# The input
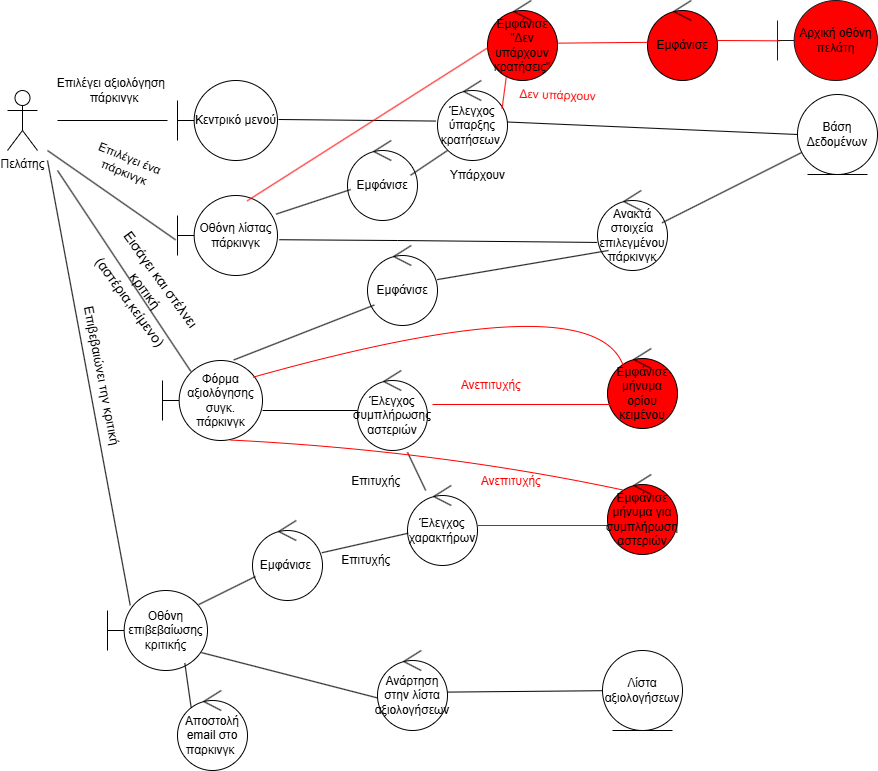

The diagram above was exported from draw.io. Its source (the exported page's mxGraphModel, read from the mxfile embedded in the PNG):
<mxGraphModel dx="2142" dy="562" grid="1" gridSize="10" guides="1" tooltips="1" connect="1" arrows="1" fold="1" page="1" pageScale="1" pageWidth="1100" pageHeight="1500" math="0" shadow="0">
  <root>
    <mxCell id="0" />
    <mxCell id="1" parent="0" />
    <mxCell id="lVdRQfxroweMU9hA3dco-1" value="Πελάτης" style="shape=umlActor;verticalLabelPosition=bottom;verticalAlign=top;html=1;outlineConnect=0;" parent="1" vertex="1">
      <mxGeometry x="-50" y="90" width="30" height="60" as="geometry" />
    </mxCell>
    <mxCell id="lVdRQfxroweMU9hA3dco-2" value="Κεντρικό μενού" style="shape=umlBoundary;whiteSpace=wrap;html=1;" parent="1" vertex="1">
      <mxGeometry x="120" y="80" width="100" height="80" as="geometry" />
    </mxCell>
    <mxCell id="lVdRQfxroweMU9hA3dco-6" value="Bάση Δεδομένων" style="ellipse;shape=umlEntity;whiteSpace=wrap;html=1;" parent="1" vertex="1">
      <mxGeometry x="740" y="94" width="80" height="80" as="geometry" />
    </mxCell>
    <mxCell id="lVdRQfxroweMU9hA3dco-8" value="Φόρμα αξιολόγησης συγκ. πάρκινγκ" style="shape=umlBoundary;whiteSpace=wrap;html=1;" parent="1" vertex="1">
      <mxGeometry x="105" y="360" width="100" height="80" as="geometry" />
    </mxCell>
    <mxCell id="lVdRQfxroweMU9hA3dco-9" value="Οθόνη επιβεβαίωσης κριτικής" style="shape=umlBoundary;whiteSpace=wrap;html=1;" parent="1" vertex="1">
      <mxGeometry x="50" y="590" width="100" height="80" as="geometry" />
    </mxCell>
    <mxCell id="lVdRQfxroweMU9hA3dco-10" value="Έλεγχος συμπλήρωσης αστεριών" style="ellipse;shape=umlControl;whiteSpace=wrap;html=1;" parent="1" vertex="1">
      <mxGeometry x="300" y="370" width="70" height="80" as="geometry" />
    </mxCell>
    <mxCell id="lVdRQfxroweMU9hA3dco-11" value="Έλεγχος ύπαρξης κρατήσεων&amp;nbsp;" style="ellipse;shape=umlControl;whiteSpace=wrap;html=1;" parent="1" vertex="1">
      <mxGeometry x="380" y="80" width="70" height="80" as="geometry" />
    </mxCell>
    <mxCell id="lVdRQfxroweMU9hA3dco-13" value="Έλεγχος χαρακτήρων" style="ellipse;shape=umlControl;whiteSpace=wrap;html=1;" parent="1" vertex="1">
      <mxGeometry x="350" y="485" width="70" height="80" as="geometry" />
    </mxCell>
    <mxCell id="lVdRQfxroweMU9hA3dco-14" value="Εμφάνισε&amp;nbsp;" style="ellipse;shape=umlControl;whiteSpace=wrap;html=1;" parent="1" vertex="1">
      <mxGeometry x="195" y="520" width="70" height="80" as="geometry" />
    </mxCell>
    <mxCell id="lVdRQfxroweMU9hA3dco-15" value="Λίστα αξιολογήσεων" style="ellipse;shape=umlEntity;whiteSpace=wrap;html=1;" parent="1" vertex="1">
      <mxGeometry x="545" y="650" width="80" height="80" as="geometry" />
    </mxCell>
    <mxCell id="lVdRQfxroweMU9hA3dco-16" value="" style="line;strokeWidth=1;fillColor=none;align=left;verticalAlign=middle;spacingTop=-1;spacingLeft=3;spacingRight=3;rotatable=0;labelPosition=right;points=[];portConstraint=eastwest;strokeColor=inherit;" parent="1" vertex="1">
      <mxGeometry y="20" width="110" height="200" as="geometry" />
    </mxCell>
    <mxCell id="lVdRQfxroweMU9hA3dco-21" value="" style="endArrow=none;html=1;rounded=0;entryX=0;entryY=0.5;entryDx=0;entryDy=0;" parent="1" source="lVdRQfxroweMU9hA3dco-11" target="lVdRQfxroweMU9hA3dco-6" edge="1">
      <mxGeometry width="50" height="50" relative="1" as="geometry">
        <mxPoint x="390" y="320" as="sourcePoint" />
        <mxPoint x="440" y="270" as="targetPoint" />
      </mxGeometry>
    </mxCell>
    <mxCell id="lVdRQfxroweMU9hA3dco-23" value="" style="endArrow=none;html=1;rounded=0;exitX=0.284;exitY=0.137;exitDx=0;exitDy=0;exitPerimeter=0;" parent="1" source="lVdRQfxroweMU9hA3dco-8" edge="1">
      <mxGeometry width="50" height="50" relative="1" as="geometry">
        <mxPoint x="110" y="330" as="sourcePoint" />
        <mxPoint y="170" as="targetPoint" />
      </mxGeometry>
    </mxCell>
    <mxCell id="lVdRQfxroweMU9hA3dco-44" value="" style="endArrow=none;html=1;rounded=0;exitX=0.227;exitY=0.185;exitDx=0;exitDy=0;exitPerimeter=0;" parent="1" source="lVdRQfxroweMU9hA3dco-9" edge="1">
      <mxGeometry width="50" height="50" relative="1" as="geometry">
        <mxPoint x="110" y="460" as="sourcePoint" />
        <mxPoint x="-10" y="160" as="targetPoint" />
      </mxGeometry>
    </mxCell>
    <mxCell id="lVdRQfxroweMU9hA3dco-46" value="Επιλέγει αξιολόγηση&lt;span style=&quot;background-color: transparent; color: light-dark(rgb(0, 0, 0), rgb(255, 255, 255));&quot;&gt;&amp;nbsp;&lt;/span&gt;&lt;div&gt;&amp;nbsp;πάρκινγκ&lt;/div&gt;" style="text;html=1;align=center;verticalAlign=middle;resizable=0;points=[];autosize=1;strokeColor=none;fillColor=none;" parent="1" vertex="1">
      <mxGeometry x="-15" y="70" width="140" height="40" as="geometry" />
    </mxCell>
    <mxCell id="lVdRQfxroweMU9hA3dco-47" value="" style="endArrow=none;html=1;rounded=0;entryX=1;entryY=0.625;entryDx=0;entryDy=0;entryPerimeter=0;" parent="1" source="lVdRQfxroweMU9hA3dco-10" target="lVdRQfxroweMU9hA3dco-8" edge="1">
      <mxGeometry width="50" height="50" relative="1" as="geometry">
        <mxPoint x="310" y="370" as="sourcePoint" />
        <mxPoint x="230" y="340" as="targetPoint" />
        <Array as="points" />
      </mxGeometry>
    </mxCell>
    <mxCell id="lVdRQfxroweMU9hA3dco-50" value="&lt;div&gt;Επιτυχής&amp;nbsp;&lt;/div&gt;" style="text;html=1;align=center;verticalAlign=middle;resizable=0;points=[];autosize=1;strokeColor=none;fillColor=none;" parent="1" vertex="1">
      <mxGeometry x="280" y="466" width="80" height="30" as="geometry" />
    </mxCell>
    <mxCell id="lVdRQfxroweMU9hA3dco-51" value="" style="endArrow=none;html=1;rounded=0;entryX=0.714;entryY=1.022;entryDx=0;entryDy=0;entryPerimeter=0;" parent="1" source="lVdRQfxroweMU9hA3dco-13" target="lVdRQfxroweMU9hA3dco-10" edge="1">
      <mxGeometry width="50" height="50" relative="1" as="geometry">
        <mxPoint x="350" y="480" as="sourcePoint" />
        <mxPoint x="390" y="480" as="targetPoint" />
      </mxGeometry>
    </mxCell>
    <mxCell id="lVdRQfxroweMU9hA3dco-52" value="Επιτυχής&amp;nbsp;" style="text;html=1;align=center;verticalAlign=middle;resizable=0;points=[];autosize=1;strokeColor=none;fillColor=none;" parent="1" vertex="1">
      <mxGeometry x="270" y="545" width="80" height="30" as="geometry" />
    </mxCell>
    <mxCell id="lVdRQfxroweMU9hA3dco-53" value="" style="endArrow=none;html=1;rounded=0;entryX=0.939;entryY=0.776;entryDx=0;entryDy=0;entryPerimeter=0;" parent="1" target="lVdRQfxroweMU9hA3dco-9" edge="1">
      <mxGeometry width="50" height="50" relative="1" as="geometry">
        <mxPoint x="330" y="700" as="sourcePoint" />
        <mxPoint x="310" y="540" as="targetPoint" />
      </mxGeometry>
    </mxCell>
    <mxCell id="lVdRQfxroweMU9hA3dco-54" value="" style="endArrow=none;html=1;rounded=0;entryX=0.912;entryY=0.176;entryDx=0;entryDy=0;entryPerimeter=0;" parent="1" source="lVdRQfxroweMU9hA3dco-14" target="lVdRQfxroweMU9hA3dco-9" edge="1">
      <mxGeometry width="50" height="50" relative="1" as="geometry">
        <mxPoint x="230" y="540" as="sourcePoint" />
        <mxPoint x="310" y="540" as="targetPoint" />
      </mxGeometry>
    </mxCell>
    <mxCell id="lVdRQfxroweMU9hA3dco-56" value="Ανάρτηση στην λίστα αξιολογήσεων" style="ellipse;shape=umlControl;whiteSpace=wrap;html=1;" parent="1" vertex="1">
      <mxGeometry x="320" y="650" width="70" height="80" as="geometry" />
    </mxCell>
    <mxCell id="lVdRQfxroweMU9hA3dco-57" value="Αποστολή email στο παρκινγκ&amp;nbsp;" style="ellipse;shape=umlControl;whiteSpace=wrap;html=1;" parent="1" vertex="1">
      <mxGeometry x="120" y="690" width="70" height="80" as="geometry" />
    </mxCell>
    <mxCell id="lVdRQfxroweMU9hA3dco-58" value="" style="endArrow=none;html=1;rounded=0;exitX=0.999;exitY=0.52;exitDx=0;exitDy=0;exitPerimeter=0;" parent="1" source="lVdRQfxroweMU9hA3dco-56" target="lVdRQfxroweMU9hA3dco-15" edge="1">
      <mxGeometry width="50" height="50" relative="1" as="geometry">
        <mxPoint x="391" y="710" as="sourcePoint" />
        <mxPoint x="120" y="610" as="targetPoint" />
      </mxGeometry>
    </mxCell>
    <mxCell id="lVdRQfxroweMU9hA3dco-59" value="" style="endArrow=none;html=1;rounded=0;entryX=0.773;entryY=0.907;entryDx=0;entryDy=0;entryPerimeter=0;exitX=0.194;exitY=0.208;exitDx=0;exitDy=0;exitPerimeter=0;" parent="1" source="lVdRQfxroweMU9hA3dco-57" target="lVdRQfxroweMU9hA3dco-9" edge="1">
      <mxGeometry width="50" height="50" relative="1" as="geometry">
        <mxPoint x="35" y="680" as="sourcePoint" />
        <mxPoint x="85" y="630" as="targetPoint" />
      </mxGeometry>
    </mxCell>
    <mxCell id="lVdRQfxroweMU9hA3dco-60" value="Εμφάνισε μήνυμα ορίου κειμένου" style="ellipse;shape=umlControl;whiteSpace=wrap;html=1;fillColor=light-dark(#FF0000,#FF0000);" parent="1" vertex="1">
      <mxGeometry x="550" y="348" width="70" height="80" as="geometry" />
    </mxCell>
    <mxCell id="lVdRQfxroweMU9hA3dco-61" value="" style="line;strokeWidth=1;fillColor=none;align=left;verticalAlign=middle;spacingTop=-1;spacingLeft=3;spacingRight=3;rotatable=0;labelPosition=right;points=[];portConstraint=eastwest;strokeColor=light-dark(#FF0000,#FF0000);" parent="1" vertex="1">
      <mxGeometry x="375" y="400" width="180" height="8" as="geometry" />
    </mxCell>
    <mxCell id="lVdRQfxroweMU9hA3dco-62" value="&lt;font style=&quot;color: light-dark(rgb(255, 0, 0), rgb(255, 0, 0));&quot;&gt;Ανεπιτυχής&amp;nbsp;&lt;/font&gt;" style="text;html=1;align=center;verticalAlign=middle;resizable=0;points=[];autosize=1;strokeColor=none;fillColor=none;" parent="1" vertex="1">
      <mxGeometry x="390" y="370" width="90" height="30" as="geometry" />
    </mxCell>
    <mxCell id="lVdRQfxroweMU9hA3dco-63" value="&lt;font style=&quot;color: light-dark(rgb(255, 0, 0), rgb(255, 0, 0));&quot;&gt;Ανεπιτυχής&amp;nbsp;&lt;/font&gt;" style="text;html=1;align=center;verticalAlign=middle;resizable=0;points=[];autosize=1;strokeColor=none;fillColor=none;" parent="1" vertex="1">
      <mxGeometry x="410" y="466" width="90" height="30" as="geometry" />
    </mxCell>
    <mxCell id="lVdRQfxroweMU9hA3dco-64" value="" style="line;strokeWidth=1;fillColor=none;align=left;verticalAlign=middle;spacingTop=-1;spacingLeft=3;spacingRight=3;rotatable=0;labelPosition=right;points=[];portConstraint=eastwest;strokeColor=light-dark(#FF0000,#FF0000);" parent="1" vertex="1">
      <mxGeometry x="420" y="521" width="130" height="8" as="geometry" />
    </mxCell>
    <mxCell id="lVdRQfxroweMU9hA3dco-65" value="Εμφάνισε μήνυμα για συμπλήρωση αστεριών" style="ellipse;shape=umlControl;whiteSpace=wrap;html=1;fillColor=light-dark(#FF0000,#FF0000);" parent="1" vertex="1">
      <mxGeometry x="550" y="474" width="70" height="80" as="geometry" />
    </mxCell>
    <mxCell id="lVdRQfxroweMU9hA3dco-71" value="Επιβεβαιώνει την κριτική" style="text;html=1;align=center;verticalAlign=middle;resizable=0;points=[];autosize=1;strokeColor=none;fillColor=none;rotation=79;fontSize=13;" parent="1" vertex="1">
      <mxGeometry x="-40" y="360" width="170" height="30" as="geometry" />
    </mxCell>
    <mxCell id="lVdRQfxroweMU9hA3dco-72" value="Αρχική οθόνη πελάτη" style="shape=umlBoundary;whiteSpace=wrap;html=1;strokeColor=light-dark(#1A1A1A,#FF0000);fillColor=light-dark(#FF0000,#FF0000);" parent="1" vertex="1">
      <mxGeometry x="720" width="100" height="80" as="geometry" />
    </mxCell>
    <mxCell id="lVdRQfxroweMU9hA3dco-73" value="" style="endArrow=none;html=1;rounded=0;exitX=0.922;exitY=0.354;exitDx=0;exitDy=0;exitPerimeter=0;strokeColor=light-dark(#FF0000,#FF0000);entryX=0.267;entryY=0.965;entryDx=0;entryDy=0;entryPerimeter=0;" parent="1" source="lVdRQfxroweMU9hA3dco-11" target="KGmOasqHdaX7R9fRjz1f-1" edge="1">
      <mxGeometry width="50" height="50" relative="1" as="geometry">
        <mxPoint x="290" y="350" as="sourcePoint" />
        <mxPoint x="550" y="180" as="targetPoint" />
      </mxGeometry>
    </mxCell>
    <mxCell id="lVdRQfxroweMU9hA3dco-74" value="&lt;font style=&quot;color: light-dark(rgb(255, 0, 0), rgb(255, 0, 0));&quot;&gt;Δεν υπάρχουν&lt;/font&gt;" style="text;html=1;align=center;verticalAlign=middle;resizable=0;points=[];autosize=1;strokeColor=none;fillColor=none;rotation=2;" parent="1" vertex="1">
      <mxGeometry x="450" y="80" width="100" height="30" as="geometry" />
    </mxCell>
    <mxCell id="lVdRQfxroweMU9hA3dco-75" value="Υπάρχουν" style="text;html=1;align=center;verticalAlign=middle;resizable=0;points=[];autosize=1;strokeColor=none;fillColor=none;rotation=0;" parent="1" vertex="1">
      <mxGeometry x="380" y="160" width="80" height="30" as="geometry" />
    </mxCell>
    <mxCell id="KGmOasqHdaX7R9fRjz1f-2" value="Εμφάνισε" style="ellipse;shape=umlControl;whiteSpace=wrap;html=1;fillColor=light-dark(#FF0000,#FF0000);" parent="1" vertex="1">
      <mxGeometry x="590" width="70" height="80" as="geometry" />
    </mxCell>
    <mxCell id="KGmOasqHdaX7R9fRjz1f-20" value="" style="endArrow=none;html=1;rounded=0;fontSize=12;startSize=8;endSize=8;curved=1;exitX=0.908;exitY=0.208;exitDx=0;exitDy=0;exitPerimeter=0;entryX=0.236;entryY=0.244;entryDx=0;entryDy=0;entryPerimeter=0;strokeColor=#FF0000;" parent="1" source="lVdRQfxroweMU9hA3dco-8" target="lVdRQfxroweMU9hA3dco-60" edge="1">
      <mxGeometry width="50" height="50" relative="1" as="geometry">
        <mxPoint x="420" y="400" as="sourcePoint" />
        <mxPoint x="520" y="320" as="targetPoint" />
        <Array as="points">
          <mxPoint x="540" y="280" />
        </Array>
      </mxGeometry>
    </mxCell>
    <mxCell id="KGmOasqHdaX7R9fRjz1f-22" value="" style="endArrow=none;html=1;rounded=0;fontSize=12;startSize=8;endSize=8;curved=1;exitX=0.68;exitY=0.994;exitDx=0;exitDy=0;exitPerimeter=0;strokeColor=#FF0000;entryX=0.217;entryY=0.193;entryDx=0;entryDy=0;entryPerimeter=0;" parent="1" source="lVdRQfxroweMU9hA3dco-8" target="lVdRQfxroweMU9hA3dco-65" edge="1">
      <mxGeometry width="50" height="50" relative="1" as="geometry">
        <mxPoint x="630" y="330" as="sourcePoint" />
        <mxPoint x="530" y="470" as="targetPoint" />
        <Array as="points">
          <mxPoint x="380" y="450" />
        </Array>
      </mxGeometry>
    </mxCell>
    <mxCell id="KGmOasqHdaX7R9fRjz1f-27" value="&lt;font style=&quot;font-size: 14px;&quot;&gt;Εισάγει και στέλνει κριτική (αστέρια,κείμενο)&lt;/font&gt;" style="text;strokeColor=none;fillColor=none;html=1;align=center;verticalAlign=middle;whiteSpace=wrap;rounded=0;fontSize=16;rotation=54;" parent="1" vertex="1">
      <mxGeometry x="30" y="280" width="118" height="20" as="geometry" />
    </mxCell>
    <mxCell id="tK78hAAcpqutUB4COcIu-1" value="Οθόνη λίστας πάρκινγκ" style="shape=umlBoundary;whiteSpace=wrap;html=1;" parent="1" vertex="1">
      <mxGeometry x="120" y="195" width="100" height="80" as="geometry" />
    </mxCell>
    <mxCell id="KGmOasqHdaX7R9fRjz1f-1" value="Εμφάνισε &quot;Δεν υπάρχουν κρατήσεις&quot;" style="ellipse;shape=umlControl;whiteSpace=wrap;html=1;fillColor=light-dark(#FF0000,#FF0000);" parent="1" vertex="1">
      <mxGeometry x="430" width="70" height="80" as="geometry" />
    </mxCell>
    <mxCell id="tK78hAAcpqutUB4COcIu-4" value="" style="endArrow=none;html=1;rounded=0;exitX=1.006;exitY=0.533;exitDx=0;exitDy=0;exitPerimeter=0;strokeColor=light-dark(#FF0000,#FF0000);entryX=0;entryY=0.523;entryDx=0;entryDy=0;entryPerimeter=0;" parent="1" source="KGmOasqHdaX7R9fRjz1f-1" target="KGmOasqHdaX7R9fRjz1f-2" edge="1">
      <mxGeometry width="50" height="50" relative="1" as="geometry">
        <mxPoint x="780" y="190" as="sourcePoint" />
        <mxPoint x="912" y="151" as="targetPoint" />
      </mxGeometry>
    </mxCell>
    <mxCell id="tK78hAAcpqutUB4COcIu-5" value="Εμφάνισε" style="ellipse;shape=umlControl;whiteSpace=wrap;html=1;" parent="1" vertex="1">
      <mxGeometry x="290" y="140" width="70" height="80" as="geometry" />
    </mxCell>
    <mxCell id="uiNrGAaFnKEzjuqM0vvg-1" value="" style="endArrow=none;html=1;rounded=0;entryX=-0.021;entryY=0.507;entryDx=0;entryDy=0;entryPerimeter=0;" parent="1" target="lVdRQfxroweMU9hA3dco-11" edge="1">
      <mxGeometry width="50" height="50" relative="1" as="geometry">
        <mxPoint x="221" y="119" as="sourcePoint" />
        <mxPoint x="420" y="270" as="targetPoint" />
      </mxGeometry>
    </mxCell>
    <mxCell id="uiNrGAaFnKEzjuqM0vvg-2" value="" style="endArrow=none;html=1;rounded=0;exitX=0.9;exitY=0.435;exitDx=0;exitDy=0;exitPerimeter=0;" parent="1" source="tK78hAAcpqutUB4COcIu-5" edge="1">
      <mxGeometry width="50" height="50" relative="1" as="geometry">
        <mxPoint x="340" y="200" as="sourcePoint" />
        <mxPoint x="390" y="150" as="targetPoint" />
      </mxGeometry>
    </mxCell>
    <mxCell id="uiNrGAaFnKEzjuqM0vvg-4" value="" style="endArrow=none;html=1;rounded=0;entryX=0.046;entryY=0.613;entryDx=0;entryDy=0;entryPerimeter=0;exitX=0.986;exitY=0.233;exitDx=0;exitDy=0;exitPerimeter=0;" parent="1" source="tK78hAAcpqutUB4COcIu-1" target="tK78hAAcpqutUB4COcIu-5" edge="1">
      <mxGeometry width="50" height="50" relative="1" as="geometry">
        <mxPoint x="370" y="320" as="sourcePoint" />
        <mxPoint x="420" y="270" as="targetPoint" />
      </mxGeometry>
    </mxCell>
    <mxCell id="uiNrGAaFnKEzjuqM0vvg-5" value="" style="endArrow=none;html=1;rounded=0;exitX=-0.019;exitY=0.554;exitDx=0;exitDy=0;exitPerimeter=0;" parent="1" source="tK78hAAcpqutUB4COcIu-1" edge="1">
      <mxGeometry width="50" height="50" relative="1" as="geometry">
        <mxPoint x="370" y="320" as="sourcePoint" />
        <mxPoint x="-10" y="150" as="targetPoint" />
      </mxGeometry>
    </mxCell>
    <mxCell id="uiNrGAaFnKEzjuqM0vvg-6" value="Επιλέγει ένα πάρκινγκ" style="text;html=1;align=center;verticalAlign=middle;whiteSpace=wrap;rounded=0;rotation=22;" parent="1" vertex="1">
      <mxGeometry x="30.000000000000004" y="150" width="80" height="30" as="geometry" />
    </mxCell>
    <mxCell id="uiNrGAaFnKEzjuqM0vvg-7" value="Ανακτά στοιχεία επιλεγμένου πάρκινγκ" style="ellipse;shape=umlControl;whiteSpace=wrap;html=1;" parent="1" vertex="1">
      <mxGeometry x="540" y="190" width="70" height="80" as="geometry" />
    </mxCell>
    <mxCell id="uiNrGAaFnKEzjuqM0vvg-8" value="Εμφάνισε" style="ellipse;shape=umlControl;whiteSpace=wrap;html=1;" parent="1" vertex="1">
      <mxGeometry x="310" y="245" width="70" height="80" as="geometry" />
    </mxCell>
    <mxCell id="uiNrGAaFnKEzjuqM0vvg-9" value="" style="endArrow=none;html=1;rounded=0;exitX=0.922;exitY=0.404;exitDx=0;exitDy=0;exitPerimeter=0;" parent="1" source="uiNrGAaFnKEzjuqM0vvg-7" target="lVdRQfxroweMU9hA3dco-6" edge="1">
      <mxGeometry width="50" height="50" relative="1" as="geometry">
        <mxPoint x="370" y="280" as="sourcePoint" />
        <mxPoint x="420" y="230" as="targetPoint" />
      </mxGeometry>
    </mxCell>
    <mxCell id="uiNrGAaFnKEzjuqM0vvg-10" value="" style="endArrow=none;html=1;rounded=0;exitX=1.019;exitY=0.553;exitDx=0;exitDy=0;exitPerimeter=0;entryX=-0.005;entryY=0.649;entryDx=0;entryDy=0;entryPerimeter=0;" parent="1" source="tK78hAAcpqutUB4COcIu-1" target="uiNrGAaFnKEzjuqM0vvg-7" edge="1">
      <mxGeometry width="50" height="50" relative="1" as="geometry">
        <mxPoint x="370" y="280" as="sourcePoint" />
        <mxPoint x="420" y="230" as="targetPoint" />
        <Array as="points">
          <mxPoint x="340" y="240" />
        </Array>
      </mxGeometry>
    </mxCell>
    <mxCell id="uiNrGAaFnKEzjuqM0vvg-11" value="" style="endArrow=none;html=1;rounded=0;" parent="1" source="uiNrGAaFnKEzjuqM0vvg-8" edge="1">
      <mxGeometry width="50" height="50" relative="1" as="geometry">
        <mxPoint x="370" y="280" as="sourcePoint" />
        <mxPoint x="551" y="250" as="targetPoint" />
      </mxGeometry>
    </mxCell>
    <mxCell id="uiNrGAaFnKEzjuqM0vvg-12" value="" style="endArrow=none;html=1;rounded=0;exitX=0.713;exitY=-0.007;exitDx=0;exitDy=0;exitPerimeter=0;entryX=0.097;entryY=0.744;entryDx=0;entryDy=0;entryPerimeter=0;" parent="1" source="lVdRQfxroweMU9hA3dco-8" target="uiNrGAaFnKEzjuqM0vvg-8" edge="1">
      <mxGeometry width="50" height="50" relative="1" as="geometry">
        <mxPoint x="370" y="280" as="sourcePoint" />
        <mxPoint x="420" y="230" as="targetPoint" />
      </mxGeometry>
    </mxCell>
    <mxCell id="vplj26tINGR3aRl702MG-1" value="" style="endArrow=none;html=1;rounded=0;" parent="1" source="lVdRQfxroweMU9hA3dco-13" target="lVdRQfxroweMU9hA3dco-14" edge="1">
      <mxGeometry width="50" height="50" relative="1" as="geometry">
        <mxPoint x="310" y="590" as="sourcePoint" />
        <mxPoint x="360" y="540" as="targetPoint" />
      </mxGeometry>
    </mxCell>
    <mxCell id="JdxQYnyD8UzkV41Kmunp-2" value="" style="endArrow=none;html=1;rounded=0;entryX=0.059;entryY=0.56;entryDx=0;entryDy=0;entryPerimeter=0;strokeColor=#FF0000;exitX=0.697;exitY=0.067;exitDx=0;exitDy=0;exitPerimeter=0;" parent="1" source="tK78hAAcpqutUB4COcIu-1" target="KGmOasqHdaX7R9fRjz1f-1" edge="1">
      <mxGeometry width="50" height="50" relative="1" as="geometry">
        <mxPoint x="210" y="180" as="sourcePoint" />
        <mxPoint x="480" y="100" as="targetPoint" />
      </mxGeometry>
    </mxCell>
    <mxCell id="JdxQYnyD8UzkV41Kmunp-3" value="" style="endArrow=none;html=1;rounded=0;entryX=0.019;entryY=0.504;entryDx=0;entryDy=0;entryPerimeter=0;strokeColor=#FF0000;" parent="1" source="KGmOasqHdaX7R9fRjz1f-2" target="lVdRQfxroweMU9hA3dco-72" edge="1">
      <mxGeometry width="50" height="50" relative="1" as="geometry">
        <mxPoint x="430" y="150" as="sourcePoint" />
        <mxPoint x="480" y="100" as="targetPoint" />
      </mxGeometry>
    </mxCell>
  </root>
</mxGraphModel>

# What you have to do
Could you filter the material above and copy each line that holds the word "umlEntity"?

# Response to the exercise
    <mxCell id="lVdRQfxroweMU9hA3dco-6" value="Bάση Δεδομένων" style="ellipse;shape=umlEntity;whiteSpace=wrap;html=1;" parent="1" vertex="1">
    <mxCell id="lVdRQfxroweMU9hA3dco-15" value="Λίστα αξιολογήσεων" style="ellipse;shape=umlEntity;whiteSpace=wrap;html=1;" parent="1" vertex="1">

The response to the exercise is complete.